Comment 3 Alexey Proskuryakov 2006-06-19 11:38:19 PDT
Comparing 
http://build.webkit.org/post-commit-pixel-powerpc-mac-os-x/builds/1007 
and
http://build.webkit.org/post-commit-pixel-powerpc-mac-os-x/builds/1008 
(coming from apple-slave-6 and apple-slave-5 respectively, no significant differences in the codebase), I see several pixel tests that fail only in one of these:

editing/selection/drag-in-iframe
editing/selection/drag-to-contenteditable-iframe
svg/W3C-SVG-1.1/pservers-grad-08-b
svg/custom/filter-source-alpha
tables/mozilla/bugs/bug86708
Comment 4 mitz 2007-01-29 08:18:07 PST
Created attachment 12741 [details]
Pixel test differences for three machines (as of r19001)

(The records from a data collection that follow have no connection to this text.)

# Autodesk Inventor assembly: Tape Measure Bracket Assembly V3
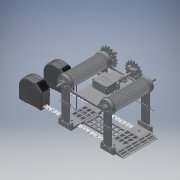
[picture p0: Inventor's stored thumbnail of the model, 180x180]
Saved by Autodesk Inventor 2019 (Build 230136000, 136)
## iProperties
Created: 2018-11-08
Part Number: Tape Measure Bracket Assembly V3
Document SubType Name: Assembly
Designer: Ashley
Author: Ashley
## Documents named in this file (20)
- C:\Users\Ashley\Desktop\repositories\design\inventor\2018-2019\Tape Measure Braket\Version Three\Tape Measure Bracket Assembly V3.iam
- C:\Users\Ashley\Desktop\repositories\design\inventor\2018-2019\Tape Measure Braket\Version Three\Bracket Bottom V3.ipt
- C:\Users\Ashley\Desktop\repositories\design\inventor\2018-2019\Tape Measure Braket\Tape Measure\Tape Measure Edited.iam
- C:\Users\Ashley\Desktop\repositories\design\inventor\2018-2019\Tape Measure Braket\Version Three\Side V3.ipt
- C:\Users\Ashley\Desktop\repositories\design\inventor\Imported Components\goBilda\Bearing6mmID.ipt
- C:\Users\Ashley\Desktop\repositories\design\inventor\2018-2019\Tape Measure Braket\Version Three\Pulley Left V3.ipt
- C:\Users\Ashley\Desktop\repositories\design\inventor\Imported Components\goBilda\DShaft140mm.ipt
- C:\Users\Ashley\Desktop\repositories\design\inventor\Imported Components\goBilda\Collar6mm\SetScrewCollar6mmboreassembly.iam
- C:\Users\Ashley\Desktop\repositories\design\inventor\Imported Components\goBilda\DShaft160mm.ipt
- C:\Users\Ashley\Desktop\repositories\design\inventor\2018-2019\Tape Measure Braket\Finished Parts\2mmAxel.ipt
- C:\Users\Ashley\Desktop\repositories\design\inventor\Imported Components\goBilda\CampingHub\ClampingHub assembly.iam
- C:\Users\Ashley\Desktop\repositories\design\inventor\Imported Components\goBilda\8mmPlasticPitchSproket.ipt
- C:\Users\Ashley\Desktop\repositories\design\inventor\Imported Components\goBilda\Servo To Shaft\ServoToShaftCoupler.iam
- C:\Users\Ashley\Desktop\repositories\design\inventor\2018-2019\Tape Measure Braket\Version Three\Braket Top V3.ipt
- C:\Users\Ashley\Desktop\repositories\design\inventor\2018-2019\Tape Measure Braket\Finished Parts\2mmAxel3in.ipt
- C:\Users\Ashley\Desktop\repositories\design\inventor\2018-2019\Tape Measure Braket\Version Three\Pulley Right V3.ipt
- C:\Users\Ashley\Desktop\repositories\design\inventor\Imported Components\REV\Motors and Servos\Rev_Servo.iam
- C:\Users\Ashley\Desktop\repositories\design\inventor\2018-2019\Tape Measure Braket\Version Three\Servo Plate V3.ipt
- C:\Users\Ashley\Desktop\repositories\design\inventor\2018-2019\Tape Measure Braket\Version Three\Servo Locks V3.ipt
- C:\Users\Ashley\Desktop\repositories\design\inventor\Imported Components\goBilda\DShaft40mm.ipt
## Components (38 placed, 32 different names)
1. Bracket Bottom — Mate:1, Mate:4, Mate:5, Insert:24, Mate:7
2. Tape Measure Right [sub-assembly]
3. Tape Measure Left [sub-assembly]
4. Back Right Side
5. Front Right Side — Mate:1, Insert:2, Insert:11
6. Front Left Side — Insert:3, Insert:10, Mate:8
7. Back Right Bearing — Insert:17
8. Front Right Bearing — Insert:2
9. Front Left Beaing — Insert:3
10. Front Left BEaring
11. Front Right Collar [sub-assembly]
12. Front Axel — Insert:8, Insert:25
13. Front Left Collar [sub-assembly] — Insert:8
14. Back Left Collar [sub-assembly]
15. Back Right Collar [sub-assembly] — Insert:18
16. Back Axel — Insert:17, Insert:18, Insert:19, Insert:26
17. Left axel — Insert:10
18. Right Axel — Insert:11
19. Back Sproket
20. Back Clamping Hub [sub-assembly] — Insert:19
21. Braket Top V3:1 — Mate:5
22. Braket Top V3:2 — Mate:4
23. Braket Top V3:3
24. Braket Top V3:4
25. 2mmAxel3in:1 — Insert:24
26. Pulley Right V3:1 — Insert:25, Mate:6
27. Pulley Right V3:2 — Insert:26, Symmetry:1
28. Pulley Left V3:1 — Mate:6
29. Pulley Left V3:2 — Symmetry:1
30. Side V3:4 — Mate:7
31. Servo Locks V3:1 — Mate:9
32. Servo Locks V3:2 — Mate:10, Mate:11
33. Servo Plate V3:1 — Mate:8, Mate:9, Mate:10
34. Rev_Servo:1 [sub-assembly] — Mate:11, Insert:27
35. ServoToShaftCoupler:1 [sub-assembly] — Insert:27, Insert:28
36. DShaft40mm:1 — Insert:28, Insert:30
37. 8mmPlasticPitchSproket:3 — Insert:29
38. ClampingHub assembly:3 [sub-assembly] — Insert:29, Insert:30
## Relationships (26: Insert 16, Mate 9, Symmetry 1)
- Mate:1: Bracket Bottom ↔ Front Right Side
- Insert:2: Front Right Side ↔ Front Right Bearing
- Insert:3: Front Left Side ↔ Front Left Beaing
- Insert:8 (14 mm): Front Axel ↔ Front Left Collar
- Insert:10 (-30 mm): Front Left Side ↔ Left axel
- Insert:11 (-30 mm): Front Right Side ↔ Right Axel
- [Insert] (-1 mm): Back Sproket ↔ Back Clamping Hub
- Insert:17 (20 mm): Back Right Bearing ↔ Back Axel
- Insert:18 (12 mm): Back Right Collar ↔ Back Axel
- Insert:19 (11 mm): Back Axel ↔ Back Clamping Hub
- Mate:4: Bracket Bottom ↔ Braket Top V3:2
- Mate:5: Bracket Bottom ↔ Braket Top V3:1
- Insert:24 (-6.5 mm): Bracket Bottom ↔ 2mmAxel3in:1
- Insert:25 (30 mm): Front Axel ↔ Pulley Right V3:1
- Mate:6: Pulley Right V3:1 ↔ Pulley Left V3:1
- Insert:26 (39 mm): Back Axel ↔ Pulley Right V3:2
- Symmetry:1: Pulley Right V3:2 ↔ Pulley Left V3:2
- Mate:7: Bracket Bottom ↔ Side V3:4
- Mate:8: Front Left Side ↔ Servo Plate V3:1
- Mate:9: Servo Locks V3:1 ↔ Servo Plate V3:1
- Mate:10: Servo Locks V3:2 ↔ Servo Plate V3:1
- Mate:11: Servo Locks V3:2 ↔ Rev_Servo:1
- Insert:27 (0.4 mm): Rev_Servo:1 ↔ ServoToShaftCoupler:1
- Insert:28 (-10 mm): ServoToShaftCoupler:1 ↔ DShaft40mm:1
- Insert:29 (-1 mm): 8mmPlasticPitchSproket:3 ↔ ClampingHub assembly:3
- Insert:30 (-11 mm): DShaft40mm:1 ↔ ClampingHub assembly:3
## Named parameters: d26_d25 = -1 mm

This file lists tests that failed on at least one of three machines (a build slave <http://build.webkit.org/post-commit-pixel-powerpc-mac-os-x/builds/3397>, an iMac G5 and a MacBook Pro, the latter two running Mac OS X 10.4.8). For each test, the three numbers are the distance from the expected result observed by each of the machines (in decreasing order). The tests are listed in descending order of the biggest difference. The difference metric is the maximum over all pixels of the L_1 distance (sum of absolute differences of R, G and B) between actual pixel and expected pixel.

Hopefully I will follow up with some analysis. (What I really should have measured was the distances between the different machines' actual results, but laziness and total lack of {perl,python,ruby} fu have so far stopped me from doing it).
Comment 5 mitz 2007-01-29 09:34:03 PST
Created attachment 12745 [details]
Pixel failures, classified (not including SVG)

This suggests that for non-SVG tests, an acceptance threshold can be set at or slightly above 10, provided that 10 or so problematic tests are changed (to not use Arial, animated and other problematic GIFs or unpredictable caret visibility).
Comment 6 mitz 2007-01-29 11:53:02 PST
Created attachment 12748 [details]
Pixel failures, annotated (SVG only)

Looks like the biggest problem with SVG is fonts.
Comment 7 mitz 2007-01-29 12:01:44 PST
Created attachment 12749 [details]
Pixel failures, annotated (SVG only)

Changed tabs to spaces.
Comment 8 mitz 2007-02-17 05:52:19 PST
Created attachment 13211 [details]
Patch that lets you ignore small differences

I'm using this with --threshold 10
Comment 9 mitz 2007-11-07 17:42:10 PST
Created attachment 17115 [details]
Patch that lets you ignore small differences

Updated to merge with TOT.
Comment 10 Darin Adler 2007-11-07 17:44:38 PST
Comment on attachment 17115 [details]
Patch that lets you ignore small differences

r=me

Should we set an appropriate default threshold?
Comment 11 mitz 2007-11-07 17:48:49 PST
Comment on attachment 17115 [details]
Patch that lets you ignore small differences

This patch landed in r27584. Removing the review flag to keep it out of the commit queue.
Comment 12 mitz 2007-11-07 17:54:32 PST
(In reply to comment #10)
> Should we set an appropriate default threshold?

(A) default threshold(s) should be part of the plan to get people to run the tests on their own machines, but I would like to improve the reporting from run-webkit-tests before doing that (so that it tells you about "silent failures" and potentially suggests that you cache alternative checksums).
Comment 13 Simon Fraser (smfr) 2009-01-03 19:45:57 PST
How much of this is still relevant?
Comment 14 mitz 2009-01-03 19:53:23 PST
(In reply to comment #13)
> How much of this is still relevant?

Nothing that justifies keeping the bug open.